Verstöße gegen „Loyalität und Vertraulichkeit“: Covea und CEO Derez müssen Millionenstrafe zahlen

Covea-Chef Thierry Derez, Photo Stéphanie Têtu

Der Krimi endet mit einem Paukenschlag. Der französische Versicherer Covea buhlte ab 2018 um Scor, dann wurde das Kaufangebot plötzlich zurückgezogen, der Aktienkurs des Umworbenen purzelte. Sofort kamen Vorwürfe gegen Covea auf, denn deren CEO Thierry Derez saß im Verwaltungsrat von Scor und soll für das Angebot Insiderinformationen genutzt haben. Ein Handelsgericht hat sich nun mit dem Fall beschäftigt und eine Millionenstrafe ausgesprochen.

Für Covea war die Angelegenheit mit dem Rückzug der Offerte eigentlich beendet, zuvor beschwerte sich das Unternehmen allerdings noch, dass sich Scor „feindselig“ verhalten habe. Das Unternehmen kaufte danach Partner Re; nur um im Anschluss die Offerte zurückzuziehen. Das ursprüngliche Angebot an Partner Re war VWheute ein eigenes SCHLAGLICHT rund um die schillernde Unternehmerfamilie Agnelli wert.

Für Scor war die (Schein-) Offerte von Covea der Start für eine Klagewelle. Das Unternehmen witterte einen Compliance-Verstoß. Der Ex-Mitarbeiter Derez hätte zuvor eingesehene Insiderinformationen für die Offerte genutzt, die vom Scor-Aufsichtsrat final abgelehnt wurde. Ein Handelsgericht, Paris Commercial Court, bestätigt die Ansicht von Scor nun und hat hohe Strafen ausgesprochen.

Das Unternehmen muss fast 20 Millionen Euro, der CEO nicht ganz 500.000 Euro für die Verfehlung bezahlen. Hinzu kommen für beide Parteien noch die angehäuften Zinsen.

Gegen alles verstoßen

Der CEO Derez habe einen „erheblichen Verstoß“ gegen seine rechtlichen und treuhänderischen Pflichten als „Director“ von Scor zu verantworten, erklärte das Gericht laut Scor. Der ehemalige Verantwortliche habe Verstöße gegen „Loyalität und Vertraulichkeit“ begangen. So habe Derez „enthüllende“ Scor-Informationen und Dokumente sowohl Covea wie deren Beratern zukommen lassen. Das hätte nur ein Ziel gehabt, nämlich die Vorbereitung und Durchführung eines „unaufgeforderten Kaufangebots“ durch Scor.

Das Gericht habe zudem festgestellt, dass Covea SGAM und Covea Cooperations bewusst an den Verfehlungen von Derez teilgenommen und daran partizipiert haben, zudem wäre die öffentliche Kommunikation ihrer ungewollten Kaufofferte ungerechtfertigt gewesen.

Weitere Klagen

Der ehemaliger Scor-Director habe einen Bruch seines Vertrages begangen, für den er zivilrechtlich haftet, erklärt das Gericht laut Scor. Das ist in zwei Punkten interessant, erstens ist damit eine D&O-Haftung wegen Vorsatz vom Tisch, zweitens stärkt es die Erfolgsaussicht weiterer Klagen. Dass diese bereits laufen, hat Scor direkt mitverkündet.

Die erste Klage ist eine strafrechtliche Verfolgung gegen Derez und Covea in Verbindung mit dem ungewollten Angebot wegen Vertrauensbruchs und  „Verdeckung eines Vertrauensbruchs“. Der Prozess findet am 5. und 6. Juli 2021 vor dem Paris Criminal Court statt.

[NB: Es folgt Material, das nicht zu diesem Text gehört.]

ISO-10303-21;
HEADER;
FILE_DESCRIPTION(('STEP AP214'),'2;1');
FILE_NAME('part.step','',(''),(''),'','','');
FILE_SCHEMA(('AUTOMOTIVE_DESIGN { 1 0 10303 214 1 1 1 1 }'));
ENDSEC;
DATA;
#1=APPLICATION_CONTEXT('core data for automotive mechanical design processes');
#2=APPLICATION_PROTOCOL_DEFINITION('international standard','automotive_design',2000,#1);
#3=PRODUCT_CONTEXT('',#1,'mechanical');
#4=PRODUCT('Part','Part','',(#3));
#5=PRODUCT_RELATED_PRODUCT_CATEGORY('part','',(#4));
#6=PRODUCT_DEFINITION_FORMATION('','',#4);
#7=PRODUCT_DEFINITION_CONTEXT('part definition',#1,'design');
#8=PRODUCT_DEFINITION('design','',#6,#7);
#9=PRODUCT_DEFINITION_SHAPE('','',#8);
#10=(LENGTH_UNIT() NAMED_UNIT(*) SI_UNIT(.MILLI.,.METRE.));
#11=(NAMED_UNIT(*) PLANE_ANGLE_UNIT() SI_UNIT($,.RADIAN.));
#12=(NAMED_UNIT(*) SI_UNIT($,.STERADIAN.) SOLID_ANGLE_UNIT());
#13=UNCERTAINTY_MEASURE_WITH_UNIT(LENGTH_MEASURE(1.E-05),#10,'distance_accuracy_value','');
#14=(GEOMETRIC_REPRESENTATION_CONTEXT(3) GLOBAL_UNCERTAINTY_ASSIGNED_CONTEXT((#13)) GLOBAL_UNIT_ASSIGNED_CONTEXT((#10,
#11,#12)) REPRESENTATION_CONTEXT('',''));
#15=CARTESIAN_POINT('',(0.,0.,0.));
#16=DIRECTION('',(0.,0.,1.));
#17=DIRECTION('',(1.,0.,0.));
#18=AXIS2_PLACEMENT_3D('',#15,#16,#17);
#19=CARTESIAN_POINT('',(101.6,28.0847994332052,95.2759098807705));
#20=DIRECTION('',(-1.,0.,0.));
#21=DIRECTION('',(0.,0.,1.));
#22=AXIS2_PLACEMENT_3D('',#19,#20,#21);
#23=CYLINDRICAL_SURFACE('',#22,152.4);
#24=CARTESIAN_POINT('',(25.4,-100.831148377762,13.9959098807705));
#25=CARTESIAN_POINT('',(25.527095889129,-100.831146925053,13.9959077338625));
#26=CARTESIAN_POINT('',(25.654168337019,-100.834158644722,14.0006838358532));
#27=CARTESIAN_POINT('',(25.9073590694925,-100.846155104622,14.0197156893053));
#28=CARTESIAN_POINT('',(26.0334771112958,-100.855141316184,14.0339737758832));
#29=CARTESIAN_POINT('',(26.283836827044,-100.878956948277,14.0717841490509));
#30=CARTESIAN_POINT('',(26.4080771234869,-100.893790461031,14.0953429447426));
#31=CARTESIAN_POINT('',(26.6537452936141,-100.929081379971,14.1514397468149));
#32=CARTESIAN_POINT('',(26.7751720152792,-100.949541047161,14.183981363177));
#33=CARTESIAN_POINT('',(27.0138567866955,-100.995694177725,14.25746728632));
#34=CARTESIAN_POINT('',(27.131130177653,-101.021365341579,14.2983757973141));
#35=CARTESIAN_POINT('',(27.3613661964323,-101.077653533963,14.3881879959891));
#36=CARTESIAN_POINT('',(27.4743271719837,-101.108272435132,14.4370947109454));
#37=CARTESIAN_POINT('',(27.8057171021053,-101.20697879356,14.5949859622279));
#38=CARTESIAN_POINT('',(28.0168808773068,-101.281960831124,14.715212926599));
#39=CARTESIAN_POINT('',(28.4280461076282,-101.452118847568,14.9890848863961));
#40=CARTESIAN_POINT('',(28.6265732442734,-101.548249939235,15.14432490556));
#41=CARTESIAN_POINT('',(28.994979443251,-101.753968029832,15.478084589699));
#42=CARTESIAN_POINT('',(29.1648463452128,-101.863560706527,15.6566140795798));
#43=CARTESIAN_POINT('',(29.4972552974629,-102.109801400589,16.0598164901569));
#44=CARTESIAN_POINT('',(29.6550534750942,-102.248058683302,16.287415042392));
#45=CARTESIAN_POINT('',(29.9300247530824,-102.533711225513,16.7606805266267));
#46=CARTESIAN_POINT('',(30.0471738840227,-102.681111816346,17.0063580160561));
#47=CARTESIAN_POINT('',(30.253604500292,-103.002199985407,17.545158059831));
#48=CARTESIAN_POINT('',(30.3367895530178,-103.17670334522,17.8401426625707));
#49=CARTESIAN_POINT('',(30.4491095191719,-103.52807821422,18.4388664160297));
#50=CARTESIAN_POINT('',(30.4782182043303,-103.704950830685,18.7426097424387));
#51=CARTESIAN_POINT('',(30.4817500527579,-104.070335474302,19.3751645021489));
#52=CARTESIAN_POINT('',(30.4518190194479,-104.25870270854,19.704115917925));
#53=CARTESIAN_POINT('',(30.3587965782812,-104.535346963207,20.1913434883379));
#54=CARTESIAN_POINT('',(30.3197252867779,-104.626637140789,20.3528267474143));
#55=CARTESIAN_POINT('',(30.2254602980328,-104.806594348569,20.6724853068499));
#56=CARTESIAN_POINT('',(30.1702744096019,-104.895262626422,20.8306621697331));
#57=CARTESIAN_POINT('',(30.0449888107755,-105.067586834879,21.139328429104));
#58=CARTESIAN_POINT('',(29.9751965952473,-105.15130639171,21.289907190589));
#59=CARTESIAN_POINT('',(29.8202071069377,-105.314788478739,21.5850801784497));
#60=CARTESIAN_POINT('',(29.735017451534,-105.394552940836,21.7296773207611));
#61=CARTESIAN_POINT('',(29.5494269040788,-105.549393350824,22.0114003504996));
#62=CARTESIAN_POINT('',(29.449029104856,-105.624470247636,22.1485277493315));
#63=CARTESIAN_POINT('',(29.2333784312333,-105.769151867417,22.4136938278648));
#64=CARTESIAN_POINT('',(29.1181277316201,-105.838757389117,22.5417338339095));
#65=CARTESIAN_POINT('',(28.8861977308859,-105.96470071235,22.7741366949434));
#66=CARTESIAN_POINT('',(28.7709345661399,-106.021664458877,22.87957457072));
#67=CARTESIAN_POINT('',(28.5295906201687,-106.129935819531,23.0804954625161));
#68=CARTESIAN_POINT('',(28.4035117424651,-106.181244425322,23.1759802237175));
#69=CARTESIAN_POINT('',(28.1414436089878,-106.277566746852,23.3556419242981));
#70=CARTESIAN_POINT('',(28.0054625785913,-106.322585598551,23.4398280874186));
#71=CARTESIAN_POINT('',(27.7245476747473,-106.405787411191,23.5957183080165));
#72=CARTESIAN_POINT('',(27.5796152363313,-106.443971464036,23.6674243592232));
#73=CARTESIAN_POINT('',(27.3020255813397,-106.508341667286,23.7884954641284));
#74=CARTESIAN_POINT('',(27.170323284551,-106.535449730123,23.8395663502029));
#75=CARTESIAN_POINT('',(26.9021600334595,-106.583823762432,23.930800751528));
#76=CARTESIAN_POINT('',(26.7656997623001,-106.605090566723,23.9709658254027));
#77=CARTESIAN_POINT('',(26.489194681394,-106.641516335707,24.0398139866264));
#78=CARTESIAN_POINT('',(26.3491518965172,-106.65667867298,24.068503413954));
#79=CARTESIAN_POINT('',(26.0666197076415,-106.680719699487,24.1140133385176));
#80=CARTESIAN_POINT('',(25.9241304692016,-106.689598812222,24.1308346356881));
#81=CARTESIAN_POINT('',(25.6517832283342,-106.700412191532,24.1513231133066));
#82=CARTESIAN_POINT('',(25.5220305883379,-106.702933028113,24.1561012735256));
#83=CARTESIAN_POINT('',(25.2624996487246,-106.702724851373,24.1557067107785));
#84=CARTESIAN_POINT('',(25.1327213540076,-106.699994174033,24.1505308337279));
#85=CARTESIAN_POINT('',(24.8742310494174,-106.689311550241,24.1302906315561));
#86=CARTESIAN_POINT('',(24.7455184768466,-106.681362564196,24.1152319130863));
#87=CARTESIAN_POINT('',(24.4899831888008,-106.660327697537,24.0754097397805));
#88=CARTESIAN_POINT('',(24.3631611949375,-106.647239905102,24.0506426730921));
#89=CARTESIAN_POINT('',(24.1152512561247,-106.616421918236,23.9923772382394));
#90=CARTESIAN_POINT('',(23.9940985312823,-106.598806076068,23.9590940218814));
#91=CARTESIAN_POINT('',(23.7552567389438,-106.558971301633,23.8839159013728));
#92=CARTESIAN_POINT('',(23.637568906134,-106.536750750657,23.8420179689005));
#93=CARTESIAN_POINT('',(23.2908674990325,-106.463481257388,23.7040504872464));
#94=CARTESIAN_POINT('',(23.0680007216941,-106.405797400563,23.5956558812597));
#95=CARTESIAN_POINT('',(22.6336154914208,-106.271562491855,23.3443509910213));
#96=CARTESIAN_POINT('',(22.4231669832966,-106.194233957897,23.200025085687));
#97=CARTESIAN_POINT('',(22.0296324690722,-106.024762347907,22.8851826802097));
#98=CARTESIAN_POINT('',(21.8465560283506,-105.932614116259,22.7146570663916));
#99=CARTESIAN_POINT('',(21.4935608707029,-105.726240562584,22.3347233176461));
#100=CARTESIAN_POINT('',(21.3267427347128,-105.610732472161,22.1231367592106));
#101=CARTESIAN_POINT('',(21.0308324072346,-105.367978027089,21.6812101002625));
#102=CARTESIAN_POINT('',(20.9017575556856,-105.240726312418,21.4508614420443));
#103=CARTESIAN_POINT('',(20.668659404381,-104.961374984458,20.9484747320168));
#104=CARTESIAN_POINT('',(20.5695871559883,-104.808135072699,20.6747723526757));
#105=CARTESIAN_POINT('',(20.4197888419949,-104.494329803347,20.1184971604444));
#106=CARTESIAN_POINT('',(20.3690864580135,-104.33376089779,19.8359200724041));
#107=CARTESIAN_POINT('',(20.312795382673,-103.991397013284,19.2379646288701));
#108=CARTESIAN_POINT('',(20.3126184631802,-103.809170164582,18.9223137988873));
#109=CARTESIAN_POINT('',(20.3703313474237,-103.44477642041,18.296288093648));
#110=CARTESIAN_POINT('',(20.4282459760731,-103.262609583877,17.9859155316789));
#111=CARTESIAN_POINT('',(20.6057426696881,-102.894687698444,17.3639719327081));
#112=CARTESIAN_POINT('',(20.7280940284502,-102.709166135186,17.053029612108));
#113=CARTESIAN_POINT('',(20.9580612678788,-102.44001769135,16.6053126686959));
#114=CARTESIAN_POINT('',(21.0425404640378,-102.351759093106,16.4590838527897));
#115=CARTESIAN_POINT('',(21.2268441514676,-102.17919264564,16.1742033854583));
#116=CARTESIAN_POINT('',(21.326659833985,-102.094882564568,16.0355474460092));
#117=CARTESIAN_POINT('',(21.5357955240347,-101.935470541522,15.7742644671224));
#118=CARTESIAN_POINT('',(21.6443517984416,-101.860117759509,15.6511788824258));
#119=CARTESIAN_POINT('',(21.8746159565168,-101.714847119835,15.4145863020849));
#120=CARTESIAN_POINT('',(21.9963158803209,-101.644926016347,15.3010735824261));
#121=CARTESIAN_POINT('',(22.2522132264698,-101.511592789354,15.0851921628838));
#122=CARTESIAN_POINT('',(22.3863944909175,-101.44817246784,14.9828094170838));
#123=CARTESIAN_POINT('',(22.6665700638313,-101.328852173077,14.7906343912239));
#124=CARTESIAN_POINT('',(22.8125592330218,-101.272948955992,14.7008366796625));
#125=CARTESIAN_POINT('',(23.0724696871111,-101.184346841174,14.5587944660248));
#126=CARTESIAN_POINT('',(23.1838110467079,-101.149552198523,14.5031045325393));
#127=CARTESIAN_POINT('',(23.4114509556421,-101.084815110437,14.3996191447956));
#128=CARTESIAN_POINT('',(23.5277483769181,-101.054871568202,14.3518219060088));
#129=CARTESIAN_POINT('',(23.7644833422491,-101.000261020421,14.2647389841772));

Eine Zivilklage gegen das Finanzunternehmen Barclays ist der zweite Rechtsfall. Die Londoner waren Coveas finanzieller Berater und finanzierende Bank bei der Offerte, ihnen werden Vertrauensvorstöße und das Brechen von Geschäftsdetails vorgeworfen. Dieser Prozess wird am 14. bis 23. Juli 2021 vor dem London High Court of Justice stattfinden. Die Scor-Covea-Geschichte wird also noch ein wenig andauern.